> _About this task_
Transcribe, word for word and without additions, each line below from the one containing "#75=AXIS2_PLACEMENT_3D('',#72,#73,#74);" through the one containing "#97=DIRECTION('',(0.,0.,1.));", both ends included.
Start of Input data
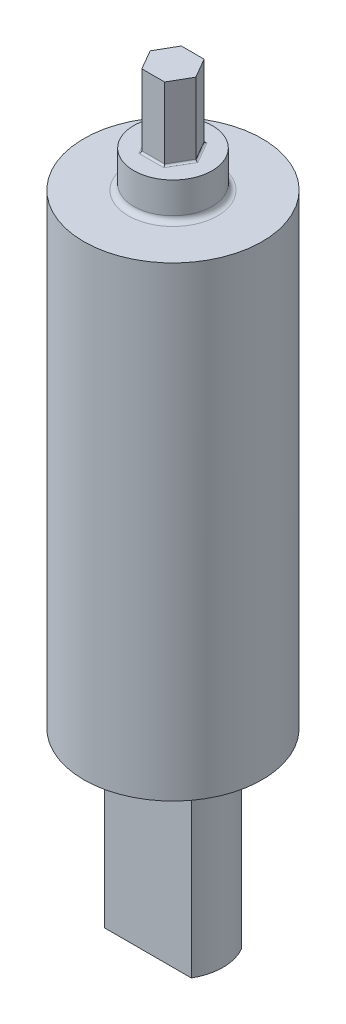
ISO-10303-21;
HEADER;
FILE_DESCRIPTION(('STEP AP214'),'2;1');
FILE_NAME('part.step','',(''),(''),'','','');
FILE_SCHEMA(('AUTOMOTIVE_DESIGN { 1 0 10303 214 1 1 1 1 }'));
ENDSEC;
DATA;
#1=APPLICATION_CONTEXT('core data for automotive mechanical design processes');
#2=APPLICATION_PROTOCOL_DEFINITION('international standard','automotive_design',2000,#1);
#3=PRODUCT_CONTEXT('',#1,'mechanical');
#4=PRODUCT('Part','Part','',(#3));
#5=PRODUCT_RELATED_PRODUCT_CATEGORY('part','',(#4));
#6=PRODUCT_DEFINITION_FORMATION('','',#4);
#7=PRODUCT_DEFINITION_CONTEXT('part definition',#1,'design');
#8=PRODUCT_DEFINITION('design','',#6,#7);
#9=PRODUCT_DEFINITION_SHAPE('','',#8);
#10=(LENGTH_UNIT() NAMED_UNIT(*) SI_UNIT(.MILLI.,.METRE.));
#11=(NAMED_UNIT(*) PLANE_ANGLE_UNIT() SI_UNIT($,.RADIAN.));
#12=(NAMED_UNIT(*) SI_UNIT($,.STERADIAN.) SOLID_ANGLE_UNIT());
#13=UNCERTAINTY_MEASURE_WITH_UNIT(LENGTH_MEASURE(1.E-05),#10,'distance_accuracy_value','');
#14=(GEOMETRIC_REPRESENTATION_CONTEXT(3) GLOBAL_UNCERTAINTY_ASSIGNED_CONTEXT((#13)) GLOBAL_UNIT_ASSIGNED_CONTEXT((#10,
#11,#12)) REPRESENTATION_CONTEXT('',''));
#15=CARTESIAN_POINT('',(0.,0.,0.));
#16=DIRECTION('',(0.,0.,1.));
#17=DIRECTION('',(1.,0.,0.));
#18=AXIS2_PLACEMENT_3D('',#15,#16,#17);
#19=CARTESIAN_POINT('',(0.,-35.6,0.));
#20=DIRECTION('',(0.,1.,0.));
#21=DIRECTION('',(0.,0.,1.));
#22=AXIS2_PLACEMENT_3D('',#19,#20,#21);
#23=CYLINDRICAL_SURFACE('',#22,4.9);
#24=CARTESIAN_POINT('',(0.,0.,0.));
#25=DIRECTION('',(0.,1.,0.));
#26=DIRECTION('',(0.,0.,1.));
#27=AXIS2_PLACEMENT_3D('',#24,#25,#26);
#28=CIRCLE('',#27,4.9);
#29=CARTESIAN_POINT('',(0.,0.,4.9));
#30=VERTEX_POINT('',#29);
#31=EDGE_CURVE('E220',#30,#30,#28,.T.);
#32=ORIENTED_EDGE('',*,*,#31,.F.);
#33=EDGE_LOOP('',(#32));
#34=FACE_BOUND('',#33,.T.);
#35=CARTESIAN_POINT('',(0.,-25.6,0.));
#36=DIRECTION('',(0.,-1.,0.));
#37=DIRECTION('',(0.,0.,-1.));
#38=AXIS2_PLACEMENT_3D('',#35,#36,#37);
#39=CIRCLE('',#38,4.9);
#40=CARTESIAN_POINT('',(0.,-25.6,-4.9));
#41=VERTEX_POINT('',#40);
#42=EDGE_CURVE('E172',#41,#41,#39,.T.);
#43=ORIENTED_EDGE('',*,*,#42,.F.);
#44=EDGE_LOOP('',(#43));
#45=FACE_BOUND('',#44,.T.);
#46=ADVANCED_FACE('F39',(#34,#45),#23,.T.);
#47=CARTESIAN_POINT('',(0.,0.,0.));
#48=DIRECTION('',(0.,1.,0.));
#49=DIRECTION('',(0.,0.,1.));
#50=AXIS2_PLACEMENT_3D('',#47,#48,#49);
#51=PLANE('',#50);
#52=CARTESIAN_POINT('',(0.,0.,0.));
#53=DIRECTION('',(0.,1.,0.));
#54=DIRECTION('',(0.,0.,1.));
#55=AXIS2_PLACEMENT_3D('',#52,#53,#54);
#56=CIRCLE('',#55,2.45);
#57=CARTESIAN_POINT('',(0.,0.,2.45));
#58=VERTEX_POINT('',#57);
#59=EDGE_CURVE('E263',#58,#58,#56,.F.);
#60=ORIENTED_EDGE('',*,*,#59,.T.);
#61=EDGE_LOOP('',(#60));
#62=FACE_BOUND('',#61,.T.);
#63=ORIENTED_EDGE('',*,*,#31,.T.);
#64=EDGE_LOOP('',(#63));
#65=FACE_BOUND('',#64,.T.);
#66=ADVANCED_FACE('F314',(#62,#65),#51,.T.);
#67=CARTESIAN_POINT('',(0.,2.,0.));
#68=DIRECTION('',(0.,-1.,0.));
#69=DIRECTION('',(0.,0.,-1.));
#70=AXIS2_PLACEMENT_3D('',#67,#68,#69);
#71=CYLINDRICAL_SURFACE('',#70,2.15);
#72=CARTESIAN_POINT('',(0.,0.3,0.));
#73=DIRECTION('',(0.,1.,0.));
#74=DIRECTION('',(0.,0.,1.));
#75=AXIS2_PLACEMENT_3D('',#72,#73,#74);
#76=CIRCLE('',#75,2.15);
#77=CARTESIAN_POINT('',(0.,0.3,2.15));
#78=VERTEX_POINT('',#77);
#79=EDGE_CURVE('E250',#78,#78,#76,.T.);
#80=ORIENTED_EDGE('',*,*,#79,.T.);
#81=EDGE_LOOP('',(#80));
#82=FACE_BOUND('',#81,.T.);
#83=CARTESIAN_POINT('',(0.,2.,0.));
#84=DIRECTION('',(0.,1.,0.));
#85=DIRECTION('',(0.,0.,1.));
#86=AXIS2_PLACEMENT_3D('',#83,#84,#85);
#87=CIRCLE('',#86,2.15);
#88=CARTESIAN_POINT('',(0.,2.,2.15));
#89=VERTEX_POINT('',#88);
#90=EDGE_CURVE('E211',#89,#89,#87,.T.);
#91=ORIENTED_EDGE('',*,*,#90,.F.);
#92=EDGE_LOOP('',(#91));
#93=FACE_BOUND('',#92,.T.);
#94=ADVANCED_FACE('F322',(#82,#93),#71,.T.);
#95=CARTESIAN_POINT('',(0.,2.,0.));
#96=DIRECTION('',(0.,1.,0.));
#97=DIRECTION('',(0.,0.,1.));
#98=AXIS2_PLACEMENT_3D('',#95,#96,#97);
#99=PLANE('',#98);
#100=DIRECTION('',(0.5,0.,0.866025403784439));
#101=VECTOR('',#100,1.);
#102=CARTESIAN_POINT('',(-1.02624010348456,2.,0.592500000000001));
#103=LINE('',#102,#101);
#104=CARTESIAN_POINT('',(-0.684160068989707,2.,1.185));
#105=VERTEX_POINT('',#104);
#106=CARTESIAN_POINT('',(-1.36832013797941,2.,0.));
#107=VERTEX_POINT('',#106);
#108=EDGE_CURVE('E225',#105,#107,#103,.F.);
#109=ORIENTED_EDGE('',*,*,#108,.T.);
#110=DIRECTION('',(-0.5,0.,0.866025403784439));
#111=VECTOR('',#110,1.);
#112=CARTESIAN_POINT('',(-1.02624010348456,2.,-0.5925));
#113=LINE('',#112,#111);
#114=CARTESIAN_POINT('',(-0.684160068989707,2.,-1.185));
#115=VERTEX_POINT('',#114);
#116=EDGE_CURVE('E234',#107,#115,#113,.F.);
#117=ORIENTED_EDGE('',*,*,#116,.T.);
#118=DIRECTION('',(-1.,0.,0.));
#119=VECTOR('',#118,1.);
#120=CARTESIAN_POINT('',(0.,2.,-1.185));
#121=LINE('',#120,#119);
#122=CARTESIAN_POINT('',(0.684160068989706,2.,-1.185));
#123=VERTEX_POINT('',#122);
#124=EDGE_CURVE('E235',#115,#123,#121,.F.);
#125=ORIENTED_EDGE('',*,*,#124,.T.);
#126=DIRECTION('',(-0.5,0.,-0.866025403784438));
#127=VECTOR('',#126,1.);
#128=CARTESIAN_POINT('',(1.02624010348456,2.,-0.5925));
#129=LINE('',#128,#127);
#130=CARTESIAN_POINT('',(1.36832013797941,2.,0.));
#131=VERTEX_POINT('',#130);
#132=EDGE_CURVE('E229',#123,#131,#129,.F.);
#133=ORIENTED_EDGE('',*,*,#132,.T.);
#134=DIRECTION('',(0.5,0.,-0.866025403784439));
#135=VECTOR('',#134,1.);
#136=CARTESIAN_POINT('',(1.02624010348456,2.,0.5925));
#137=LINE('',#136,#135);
End of Input data
> _Answer box_
#75=AXIS2_PLACEMENT_3D('',#72,#73,#74);
#76=CIRCLE('',#75,2.15);
#77=CARTESIAN_POINT('',(0.,0.3,2.15));
#78=VERTEX_POINT('',#77);
#79=EDGE_CURVE('E250',#78,#78,#76,.T.);
#80=ORIENTED_EDGE('',*,*,#79,.T.);
#81=EDGE_LOOP('',(#80));
#82=FACE_BOUND('',#81,.T.);
#83=CARTESIAN_POINT('',(0.,2.,0.));
#84=DIRECTION('',(0.,1.,0.));
#85=DIRECTION('',(0.,0.,1.));
#86=AXIS2_PLACEMENT_3D('',#83,#84,#85);
#87=CIRCLE('',#86,2.15);
#88=CARTESIAN_POINT('',(0.,2.,2.15));
#89=VERTEX_POINT('',#88);
#90=EDGE_CURVE('E211',#89,#89,#87,.T.);
#91=ORIENTED_EDGE('',*,*,#90,.F.);
#92=EDGE_LOOP('',(#91));
#93=FACE_BOUND('',#92,.T.);
#94=ADVANCED_FACE('F322',(#82,#93),#71,.T.);
#95=CARTESIAN_POINT('',(0.,2.,0.));
#96=DIRECTION('',(0.,1.,0.));
#97=DIRECTION('',(0.,0.,1.));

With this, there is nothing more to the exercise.